William clearly felt all this could have been avoided if Betsy had obeyed him in the first place. He had opposed the marriage; he had tried his best to prevent it. In the end, he had surrendered to his daughter’s unshakable confidence in her own charm, and given way to her stubborn conviction that Napoleon would succumb to her beauty and wit as other men had so often done. He had, he believed, financed a fool’s errand and now bore the real burden, the dollars-and-cents burden, of her stubborn disregard for paternal authority. If he could not change the past, he was determined to recoup what he could from the present. When the boxes containing Jérôme’s last gesture of generosity arrived from London, William claimed half the gold that his former son-in-law provided. He was not content to stop there. As Betsy recorded, her father
“sold to his own profit horses, carriages, serving to furnish his house at Cold Stream with plate, china, glass, tables, carpets, chairs, beds, etc etc, all that had been left at Baltimore by his imperial son-in-law.”

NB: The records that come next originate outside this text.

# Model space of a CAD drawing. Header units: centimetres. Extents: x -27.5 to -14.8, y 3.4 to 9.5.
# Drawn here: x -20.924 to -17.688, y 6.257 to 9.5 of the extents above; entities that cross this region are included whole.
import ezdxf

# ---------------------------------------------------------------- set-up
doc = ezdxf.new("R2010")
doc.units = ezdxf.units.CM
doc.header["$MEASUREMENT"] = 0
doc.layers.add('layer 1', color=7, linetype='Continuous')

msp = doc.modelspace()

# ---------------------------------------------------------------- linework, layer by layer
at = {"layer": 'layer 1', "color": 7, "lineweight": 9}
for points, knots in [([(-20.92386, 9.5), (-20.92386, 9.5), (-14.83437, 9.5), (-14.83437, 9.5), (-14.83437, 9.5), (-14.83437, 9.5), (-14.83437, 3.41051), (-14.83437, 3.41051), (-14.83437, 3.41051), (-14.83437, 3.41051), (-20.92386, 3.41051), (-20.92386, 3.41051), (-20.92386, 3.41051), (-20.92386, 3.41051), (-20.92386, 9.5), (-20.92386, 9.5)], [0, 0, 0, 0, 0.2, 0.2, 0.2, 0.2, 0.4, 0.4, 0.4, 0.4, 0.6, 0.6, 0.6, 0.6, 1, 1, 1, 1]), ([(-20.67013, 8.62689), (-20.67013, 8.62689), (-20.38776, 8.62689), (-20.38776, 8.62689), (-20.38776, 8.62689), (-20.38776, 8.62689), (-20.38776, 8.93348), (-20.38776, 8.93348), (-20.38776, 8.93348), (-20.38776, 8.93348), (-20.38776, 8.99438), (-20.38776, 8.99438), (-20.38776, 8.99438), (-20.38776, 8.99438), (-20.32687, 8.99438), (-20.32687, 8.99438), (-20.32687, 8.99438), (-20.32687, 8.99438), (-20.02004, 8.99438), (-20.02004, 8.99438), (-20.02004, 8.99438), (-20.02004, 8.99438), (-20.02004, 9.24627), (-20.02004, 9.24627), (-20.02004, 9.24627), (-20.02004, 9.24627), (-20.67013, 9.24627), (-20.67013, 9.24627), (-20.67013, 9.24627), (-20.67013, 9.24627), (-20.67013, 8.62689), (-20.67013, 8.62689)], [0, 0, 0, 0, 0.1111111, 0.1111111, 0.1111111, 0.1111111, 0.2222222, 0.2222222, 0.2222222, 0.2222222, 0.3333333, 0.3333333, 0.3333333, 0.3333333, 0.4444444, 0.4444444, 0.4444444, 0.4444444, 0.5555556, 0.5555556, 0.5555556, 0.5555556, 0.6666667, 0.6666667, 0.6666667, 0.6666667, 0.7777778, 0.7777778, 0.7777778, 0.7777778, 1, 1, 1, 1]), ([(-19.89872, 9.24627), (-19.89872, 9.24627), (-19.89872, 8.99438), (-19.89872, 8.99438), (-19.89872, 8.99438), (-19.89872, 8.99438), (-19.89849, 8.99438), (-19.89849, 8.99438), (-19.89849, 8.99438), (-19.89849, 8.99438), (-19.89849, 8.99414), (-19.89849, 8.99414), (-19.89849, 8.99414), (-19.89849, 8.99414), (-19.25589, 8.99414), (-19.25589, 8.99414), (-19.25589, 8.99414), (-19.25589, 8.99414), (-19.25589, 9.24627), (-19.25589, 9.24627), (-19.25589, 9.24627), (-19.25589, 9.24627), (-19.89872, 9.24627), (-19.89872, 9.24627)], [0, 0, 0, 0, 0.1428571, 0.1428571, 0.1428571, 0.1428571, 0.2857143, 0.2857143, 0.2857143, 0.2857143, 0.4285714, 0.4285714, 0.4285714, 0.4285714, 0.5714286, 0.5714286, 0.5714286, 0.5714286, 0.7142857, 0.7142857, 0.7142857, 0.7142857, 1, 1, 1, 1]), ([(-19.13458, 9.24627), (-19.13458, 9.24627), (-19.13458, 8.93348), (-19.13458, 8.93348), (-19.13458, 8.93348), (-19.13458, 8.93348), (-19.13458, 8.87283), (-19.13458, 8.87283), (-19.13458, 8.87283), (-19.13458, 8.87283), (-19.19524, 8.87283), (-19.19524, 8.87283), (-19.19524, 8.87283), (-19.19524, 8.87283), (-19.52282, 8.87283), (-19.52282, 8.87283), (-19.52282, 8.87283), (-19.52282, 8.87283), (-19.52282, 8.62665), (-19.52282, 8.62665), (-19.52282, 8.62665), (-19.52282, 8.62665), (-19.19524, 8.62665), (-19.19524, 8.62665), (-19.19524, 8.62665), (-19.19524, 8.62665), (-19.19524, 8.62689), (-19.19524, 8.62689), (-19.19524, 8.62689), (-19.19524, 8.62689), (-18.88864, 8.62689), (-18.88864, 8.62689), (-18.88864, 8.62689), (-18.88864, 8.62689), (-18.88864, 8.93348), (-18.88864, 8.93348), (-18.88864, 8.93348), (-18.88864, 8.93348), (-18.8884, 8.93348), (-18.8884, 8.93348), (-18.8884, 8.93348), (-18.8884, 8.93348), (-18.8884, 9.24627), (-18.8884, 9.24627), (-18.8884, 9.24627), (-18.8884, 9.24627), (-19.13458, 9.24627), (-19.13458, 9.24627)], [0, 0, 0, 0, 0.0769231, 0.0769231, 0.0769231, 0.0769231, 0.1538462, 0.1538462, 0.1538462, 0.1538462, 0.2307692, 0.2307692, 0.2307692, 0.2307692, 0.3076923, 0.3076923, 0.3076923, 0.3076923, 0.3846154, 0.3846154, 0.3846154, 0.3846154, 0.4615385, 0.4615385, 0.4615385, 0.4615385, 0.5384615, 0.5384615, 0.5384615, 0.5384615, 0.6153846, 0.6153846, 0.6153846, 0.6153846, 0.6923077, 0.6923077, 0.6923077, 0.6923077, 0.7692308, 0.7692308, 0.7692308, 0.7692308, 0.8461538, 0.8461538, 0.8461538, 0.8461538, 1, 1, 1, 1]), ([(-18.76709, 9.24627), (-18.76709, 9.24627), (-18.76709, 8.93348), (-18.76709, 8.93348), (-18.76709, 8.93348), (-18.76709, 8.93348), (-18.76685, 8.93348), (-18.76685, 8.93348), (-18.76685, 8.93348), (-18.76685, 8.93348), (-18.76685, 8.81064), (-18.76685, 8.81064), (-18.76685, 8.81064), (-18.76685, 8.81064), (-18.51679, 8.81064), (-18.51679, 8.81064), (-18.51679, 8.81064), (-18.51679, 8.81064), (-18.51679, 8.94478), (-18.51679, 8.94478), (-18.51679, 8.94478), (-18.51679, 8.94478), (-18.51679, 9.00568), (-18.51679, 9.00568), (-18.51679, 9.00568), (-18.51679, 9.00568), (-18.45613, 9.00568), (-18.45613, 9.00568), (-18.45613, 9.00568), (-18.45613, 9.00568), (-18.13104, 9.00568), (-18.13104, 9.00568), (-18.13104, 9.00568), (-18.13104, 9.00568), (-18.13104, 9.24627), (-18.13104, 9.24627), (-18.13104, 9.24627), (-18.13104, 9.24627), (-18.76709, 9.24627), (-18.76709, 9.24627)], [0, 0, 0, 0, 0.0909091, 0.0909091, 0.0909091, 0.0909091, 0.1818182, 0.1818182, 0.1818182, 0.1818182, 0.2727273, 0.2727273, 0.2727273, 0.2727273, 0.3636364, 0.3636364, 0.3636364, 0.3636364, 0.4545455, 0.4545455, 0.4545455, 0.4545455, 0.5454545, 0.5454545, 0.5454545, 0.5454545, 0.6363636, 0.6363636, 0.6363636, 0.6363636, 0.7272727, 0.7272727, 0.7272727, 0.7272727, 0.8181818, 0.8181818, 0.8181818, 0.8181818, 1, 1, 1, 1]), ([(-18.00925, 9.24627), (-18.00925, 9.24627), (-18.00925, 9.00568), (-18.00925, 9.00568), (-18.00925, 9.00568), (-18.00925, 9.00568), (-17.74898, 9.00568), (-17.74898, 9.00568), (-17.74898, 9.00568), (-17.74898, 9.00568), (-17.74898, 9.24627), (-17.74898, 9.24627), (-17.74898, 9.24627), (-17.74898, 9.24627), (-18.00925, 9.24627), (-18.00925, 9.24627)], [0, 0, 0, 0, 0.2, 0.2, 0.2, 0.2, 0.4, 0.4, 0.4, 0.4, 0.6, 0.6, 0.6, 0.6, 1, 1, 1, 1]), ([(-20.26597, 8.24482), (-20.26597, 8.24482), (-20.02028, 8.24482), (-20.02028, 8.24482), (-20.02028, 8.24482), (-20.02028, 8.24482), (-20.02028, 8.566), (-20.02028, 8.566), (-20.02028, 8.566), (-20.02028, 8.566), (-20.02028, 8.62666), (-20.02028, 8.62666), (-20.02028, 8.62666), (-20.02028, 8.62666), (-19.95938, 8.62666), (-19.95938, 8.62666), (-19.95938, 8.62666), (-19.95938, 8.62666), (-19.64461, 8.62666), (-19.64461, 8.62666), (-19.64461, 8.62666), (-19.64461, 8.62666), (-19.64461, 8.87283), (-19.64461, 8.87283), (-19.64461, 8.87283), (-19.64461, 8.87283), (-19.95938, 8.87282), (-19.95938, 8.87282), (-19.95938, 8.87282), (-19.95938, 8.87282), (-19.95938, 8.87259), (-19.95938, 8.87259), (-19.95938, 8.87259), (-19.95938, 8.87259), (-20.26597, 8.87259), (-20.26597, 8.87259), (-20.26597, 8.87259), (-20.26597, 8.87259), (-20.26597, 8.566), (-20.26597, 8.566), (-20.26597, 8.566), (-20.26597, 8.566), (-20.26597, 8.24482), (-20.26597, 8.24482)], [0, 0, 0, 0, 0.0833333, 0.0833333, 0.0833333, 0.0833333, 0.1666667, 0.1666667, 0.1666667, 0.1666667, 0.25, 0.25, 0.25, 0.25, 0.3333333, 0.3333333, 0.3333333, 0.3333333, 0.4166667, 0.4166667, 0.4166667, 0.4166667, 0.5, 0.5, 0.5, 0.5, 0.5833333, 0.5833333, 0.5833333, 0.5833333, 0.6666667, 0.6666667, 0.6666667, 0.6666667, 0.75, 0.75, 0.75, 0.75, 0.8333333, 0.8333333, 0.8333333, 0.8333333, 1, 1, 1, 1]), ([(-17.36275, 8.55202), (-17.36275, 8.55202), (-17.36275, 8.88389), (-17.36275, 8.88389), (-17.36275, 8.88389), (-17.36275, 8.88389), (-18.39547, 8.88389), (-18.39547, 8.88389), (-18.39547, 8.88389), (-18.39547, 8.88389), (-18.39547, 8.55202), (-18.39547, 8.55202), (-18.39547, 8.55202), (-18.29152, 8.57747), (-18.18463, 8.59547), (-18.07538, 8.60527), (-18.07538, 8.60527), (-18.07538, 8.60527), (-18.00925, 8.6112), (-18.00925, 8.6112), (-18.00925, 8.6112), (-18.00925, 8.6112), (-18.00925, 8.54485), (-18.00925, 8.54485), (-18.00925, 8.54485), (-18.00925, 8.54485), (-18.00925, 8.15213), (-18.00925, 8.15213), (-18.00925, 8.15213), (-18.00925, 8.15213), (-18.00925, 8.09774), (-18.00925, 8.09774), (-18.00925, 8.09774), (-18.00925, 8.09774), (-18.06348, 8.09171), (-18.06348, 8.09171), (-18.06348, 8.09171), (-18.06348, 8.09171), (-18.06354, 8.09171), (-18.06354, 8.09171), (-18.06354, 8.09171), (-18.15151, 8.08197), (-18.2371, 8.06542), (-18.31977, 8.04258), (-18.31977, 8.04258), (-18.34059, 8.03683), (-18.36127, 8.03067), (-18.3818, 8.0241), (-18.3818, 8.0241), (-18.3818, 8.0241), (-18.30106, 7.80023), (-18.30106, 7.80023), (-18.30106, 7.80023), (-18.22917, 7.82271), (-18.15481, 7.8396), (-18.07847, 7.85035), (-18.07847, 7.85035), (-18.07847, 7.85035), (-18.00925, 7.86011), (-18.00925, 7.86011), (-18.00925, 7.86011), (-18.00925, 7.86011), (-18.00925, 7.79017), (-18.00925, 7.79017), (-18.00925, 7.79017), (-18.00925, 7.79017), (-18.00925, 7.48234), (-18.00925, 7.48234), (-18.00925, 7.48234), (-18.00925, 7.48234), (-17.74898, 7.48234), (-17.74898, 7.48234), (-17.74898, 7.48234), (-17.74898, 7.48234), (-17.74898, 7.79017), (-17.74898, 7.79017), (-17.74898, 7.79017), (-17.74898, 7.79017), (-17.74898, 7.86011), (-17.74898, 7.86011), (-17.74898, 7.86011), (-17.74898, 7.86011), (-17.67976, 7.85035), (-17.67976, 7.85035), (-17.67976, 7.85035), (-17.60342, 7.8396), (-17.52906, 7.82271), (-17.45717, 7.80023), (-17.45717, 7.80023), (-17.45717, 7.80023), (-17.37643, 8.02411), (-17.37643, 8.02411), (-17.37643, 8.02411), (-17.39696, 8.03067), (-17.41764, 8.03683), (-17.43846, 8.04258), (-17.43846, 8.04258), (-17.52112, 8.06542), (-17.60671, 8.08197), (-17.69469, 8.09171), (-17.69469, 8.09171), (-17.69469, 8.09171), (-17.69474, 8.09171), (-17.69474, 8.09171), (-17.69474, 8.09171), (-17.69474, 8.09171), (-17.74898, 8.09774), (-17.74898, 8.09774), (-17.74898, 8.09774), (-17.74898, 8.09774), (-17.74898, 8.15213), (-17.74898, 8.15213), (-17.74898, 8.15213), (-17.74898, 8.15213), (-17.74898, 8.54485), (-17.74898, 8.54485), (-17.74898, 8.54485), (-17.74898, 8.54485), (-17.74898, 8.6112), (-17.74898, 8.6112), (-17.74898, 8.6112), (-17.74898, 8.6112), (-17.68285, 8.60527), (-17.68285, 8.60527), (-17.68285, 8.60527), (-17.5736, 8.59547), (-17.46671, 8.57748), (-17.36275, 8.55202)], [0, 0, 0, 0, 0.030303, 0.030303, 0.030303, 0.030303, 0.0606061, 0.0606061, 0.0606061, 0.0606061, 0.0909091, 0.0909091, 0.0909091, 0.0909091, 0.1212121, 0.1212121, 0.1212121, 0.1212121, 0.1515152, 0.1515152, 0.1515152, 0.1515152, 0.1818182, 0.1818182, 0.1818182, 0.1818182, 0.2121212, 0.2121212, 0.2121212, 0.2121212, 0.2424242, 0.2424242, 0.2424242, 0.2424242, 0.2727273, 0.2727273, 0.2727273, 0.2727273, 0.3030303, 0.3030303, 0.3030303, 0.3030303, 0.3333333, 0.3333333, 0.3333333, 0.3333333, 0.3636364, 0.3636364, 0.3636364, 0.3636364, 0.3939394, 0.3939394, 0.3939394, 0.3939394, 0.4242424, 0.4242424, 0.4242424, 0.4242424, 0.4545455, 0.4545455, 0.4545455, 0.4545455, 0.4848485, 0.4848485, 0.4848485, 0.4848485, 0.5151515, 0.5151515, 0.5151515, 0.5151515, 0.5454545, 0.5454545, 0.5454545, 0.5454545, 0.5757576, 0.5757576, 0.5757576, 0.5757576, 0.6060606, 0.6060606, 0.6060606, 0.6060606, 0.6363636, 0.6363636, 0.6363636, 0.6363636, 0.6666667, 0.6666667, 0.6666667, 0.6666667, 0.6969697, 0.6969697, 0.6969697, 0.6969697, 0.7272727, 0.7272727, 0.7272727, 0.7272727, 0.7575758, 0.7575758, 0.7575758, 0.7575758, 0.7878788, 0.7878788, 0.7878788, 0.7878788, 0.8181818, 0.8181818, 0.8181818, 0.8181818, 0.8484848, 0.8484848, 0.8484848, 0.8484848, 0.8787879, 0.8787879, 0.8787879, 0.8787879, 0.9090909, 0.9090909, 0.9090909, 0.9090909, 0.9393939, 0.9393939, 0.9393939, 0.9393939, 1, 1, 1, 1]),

Betsy was enthusiastically welcomed back into Baltimore society, but given William’s obvious anger, she remained uncomfortable in her father’s home. His certainty that Jérôme had played her for a fool weighed heavily on her already fragile morale. Through the early months of 1806, as Jérôme’s letters
of 1805 followed their circuitous path to Betsy’s doorstep, she struggled to maintain some hope that her husband would prove her father wrong. In April she received the notes of assurance that he had sent from Paris six months before. Then in May she received a letter written while he was on naval duty. In it, he expressed resentment that his sincerity had been doubted. If I intended to abandon you, he wrote with obvious indignation, I would already be sitting on a throne somewhere in Europe. Instead, I am aboard a ship, serving my emperor.

This letter made Betsy wonder if she had indeed misjudged Jérôme. Was he loyal to her after all? Perhaps as he had always insisted, Napoleon would relent if his young brother acquitted himself honorably in the naval battles being waged against Britain. Her optimism was intense, but it was short-lived. By June the tone in the letters coming from Jérôme had changed dramatically. Assurances had turned to accusations. He laid all blame for their situation at her feet.
“Your departure for England,” he declared, “was the only cause of our separation.” The signature on the last letter she received revealed his clear change of heart: the impersonal closing, “J. Bonaparte,” told Betsy that the marriage was indeed over.

Jérôme’s confidence that Napoleon would eventually forgive him proved correct. But Betsy would not reap the benefits of the emperor’s renewed affection. While she was wrestling with the meaning of her husband’s promises and then his rejection, a placated Napoleon was busily trying to arrange a suitable new marriage for his youngest brother. The emperor’s victories against a coalition of Britain, Austria, Russia, Sweden, and
several German states had expanded his empire across much of Prussia, Germany, Austria, and Italy, and he intended to place men he could trust in positions of power in the newly acquired areas. Marriage between his brothers—or sisters—and local leaders was thus a useful strategy. If Lucien had refused to cooperate, Jérôme’s resistance to Napoleon’s will now seemed broken. After two proposed matches failed in 1806, Napoleon finally hit upon a perfect arrangement: he would marry Jérôme to the daughter of the new king of Württemberg.